Content starts

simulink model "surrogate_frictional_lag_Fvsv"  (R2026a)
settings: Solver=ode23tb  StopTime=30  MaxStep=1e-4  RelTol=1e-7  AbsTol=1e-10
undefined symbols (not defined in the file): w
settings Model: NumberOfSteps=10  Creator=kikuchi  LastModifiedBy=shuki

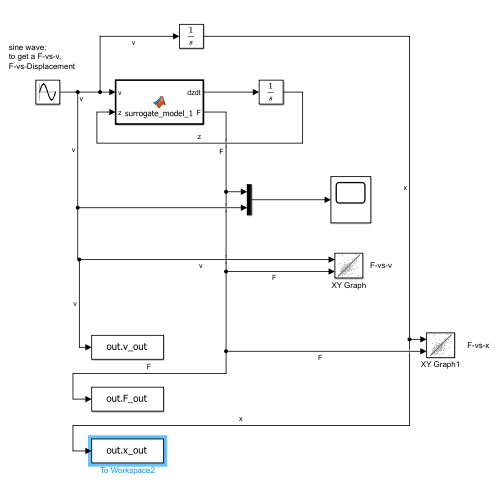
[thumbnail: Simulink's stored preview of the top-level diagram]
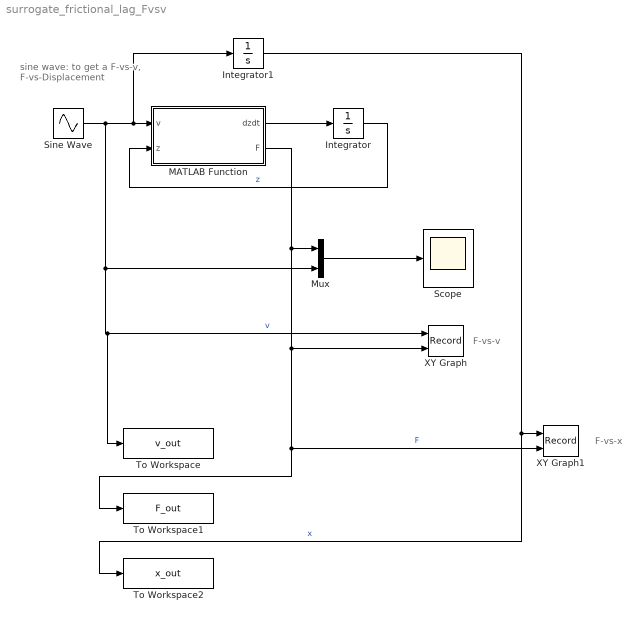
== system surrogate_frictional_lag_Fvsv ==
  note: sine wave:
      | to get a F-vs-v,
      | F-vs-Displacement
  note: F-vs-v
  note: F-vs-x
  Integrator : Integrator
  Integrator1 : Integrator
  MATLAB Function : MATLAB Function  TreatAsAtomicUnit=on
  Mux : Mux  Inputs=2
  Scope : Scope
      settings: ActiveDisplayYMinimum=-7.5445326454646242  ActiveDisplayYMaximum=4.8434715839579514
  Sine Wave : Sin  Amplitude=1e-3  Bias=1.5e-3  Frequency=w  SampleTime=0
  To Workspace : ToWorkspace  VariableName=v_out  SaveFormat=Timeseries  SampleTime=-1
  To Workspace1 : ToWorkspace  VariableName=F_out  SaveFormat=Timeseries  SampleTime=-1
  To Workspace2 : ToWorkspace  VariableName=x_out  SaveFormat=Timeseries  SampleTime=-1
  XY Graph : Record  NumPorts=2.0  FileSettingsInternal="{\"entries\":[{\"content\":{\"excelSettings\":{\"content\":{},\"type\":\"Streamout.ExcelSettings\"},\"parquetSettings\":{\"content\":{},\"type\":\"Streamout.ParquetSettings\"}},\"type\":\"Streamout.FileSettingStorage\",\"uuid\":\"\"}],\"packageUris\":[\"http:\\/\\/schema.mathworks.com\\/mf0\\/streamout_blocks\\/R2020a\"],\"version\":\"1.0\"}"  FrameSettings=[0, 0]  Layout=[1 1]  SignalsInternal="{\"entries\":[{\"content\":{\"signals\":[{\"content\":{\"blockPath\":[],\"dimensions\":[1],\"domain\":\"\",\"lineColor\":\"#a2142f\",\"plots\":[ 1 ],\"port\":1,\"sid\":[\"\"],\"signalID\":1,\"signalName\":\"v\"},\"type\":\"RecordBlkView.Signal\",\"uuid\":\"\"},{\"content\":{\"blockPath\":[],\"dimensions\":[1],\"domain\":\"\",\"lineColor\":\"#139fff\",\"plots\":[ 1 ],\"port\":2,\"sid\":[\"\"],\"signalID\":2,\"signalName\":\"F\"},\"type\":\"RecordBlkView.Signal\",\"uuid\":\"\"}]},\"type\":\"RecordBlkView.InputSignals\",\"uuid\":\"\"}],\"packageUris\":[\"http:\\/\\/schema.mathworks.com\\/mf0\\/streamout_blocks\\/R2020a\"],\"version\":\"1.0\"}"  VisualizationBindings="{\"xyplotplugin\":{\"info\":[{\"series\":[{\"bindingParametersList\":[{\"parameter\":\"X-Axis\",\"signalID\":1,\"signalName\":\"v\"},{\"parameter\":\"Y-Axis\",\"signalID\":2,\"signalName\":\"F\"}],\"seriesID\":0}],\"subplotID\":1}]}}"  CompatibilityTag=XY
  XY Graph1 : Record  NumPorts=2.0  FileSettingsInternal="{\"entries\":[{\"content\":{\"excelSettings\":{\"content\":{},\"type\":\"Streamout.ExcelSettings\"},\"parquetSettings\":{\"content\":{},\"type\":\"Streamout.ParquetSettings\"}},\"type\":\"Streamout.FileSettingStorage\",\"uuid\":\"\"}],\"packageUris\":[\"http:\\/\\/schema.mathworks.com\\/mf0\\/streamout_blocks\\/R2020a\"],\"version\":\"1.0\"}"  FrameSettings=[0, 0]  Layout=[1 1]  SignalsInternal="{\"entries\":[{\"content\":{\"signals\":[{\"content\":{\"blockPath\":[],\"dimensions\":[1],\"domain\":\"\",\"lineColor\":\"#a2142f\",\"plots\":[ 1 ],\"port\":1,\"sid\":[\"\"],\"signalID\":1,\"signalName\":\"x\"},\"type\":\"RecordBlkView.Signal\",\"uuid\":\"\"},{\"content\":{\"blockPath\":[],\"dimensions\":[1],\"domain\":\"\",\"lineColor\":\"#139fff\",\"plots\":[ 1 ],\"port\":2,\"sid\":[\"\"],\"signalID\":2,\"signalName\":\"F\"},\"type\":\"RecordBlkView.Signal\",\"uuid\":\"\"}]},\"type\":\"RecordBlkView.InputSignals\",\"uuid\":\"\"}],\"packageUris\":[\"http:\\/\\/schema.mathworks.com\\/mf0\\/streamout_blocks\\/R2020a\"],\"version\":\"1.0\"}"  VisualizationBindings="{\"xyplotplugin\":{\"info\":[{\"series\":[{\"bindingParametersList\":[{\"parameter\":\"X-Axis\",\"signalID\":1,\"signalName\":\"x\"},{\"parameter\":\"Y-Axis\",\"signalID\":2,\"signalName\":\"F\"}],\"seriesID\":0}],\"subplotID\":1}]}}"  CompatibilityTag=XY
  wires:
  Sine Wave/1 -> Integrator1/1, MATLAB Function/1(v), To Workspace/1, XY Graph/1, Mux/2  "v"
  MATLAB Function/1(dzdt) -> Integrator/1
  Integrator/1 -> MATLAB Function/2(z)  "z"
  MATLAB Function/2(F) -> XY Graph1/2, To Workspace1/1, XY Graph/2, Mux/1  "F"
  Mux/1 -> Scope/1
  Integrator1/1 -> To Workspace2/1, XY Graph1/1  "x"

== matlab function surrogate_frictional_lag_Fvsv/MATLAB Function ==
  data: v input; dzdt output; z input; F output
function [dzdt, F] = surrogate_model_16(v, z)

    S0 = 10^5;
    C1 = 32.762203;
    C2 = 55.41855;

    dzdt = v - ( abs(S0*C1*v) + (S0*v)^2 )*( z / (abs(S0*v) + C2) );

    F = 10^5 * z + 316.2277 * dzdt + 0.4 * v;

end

Content ends

→ EXERCISE AIM: Your task is to repeat exactly the lines from the beginning of the data to the line that contains "[thumbnail: Simulink's stored", both ends included, leaving out pictures.

→ ANSWER SPACE:
simulink model "surrogate_frictional_lag_Fvsv"  (R2026a)
settings: Solver=ode23tb  StopTime=30  MaxStep=1e-4  RelTol=1e-7  AbsTol=1e-10
undefined symbols (not defined in the file): w
settings Model: NumberOfSteps=10  Creator=kikuchi  LastModifiedBy=shuki

[thumbnail: Simulink's stored preview of the top-level diagram]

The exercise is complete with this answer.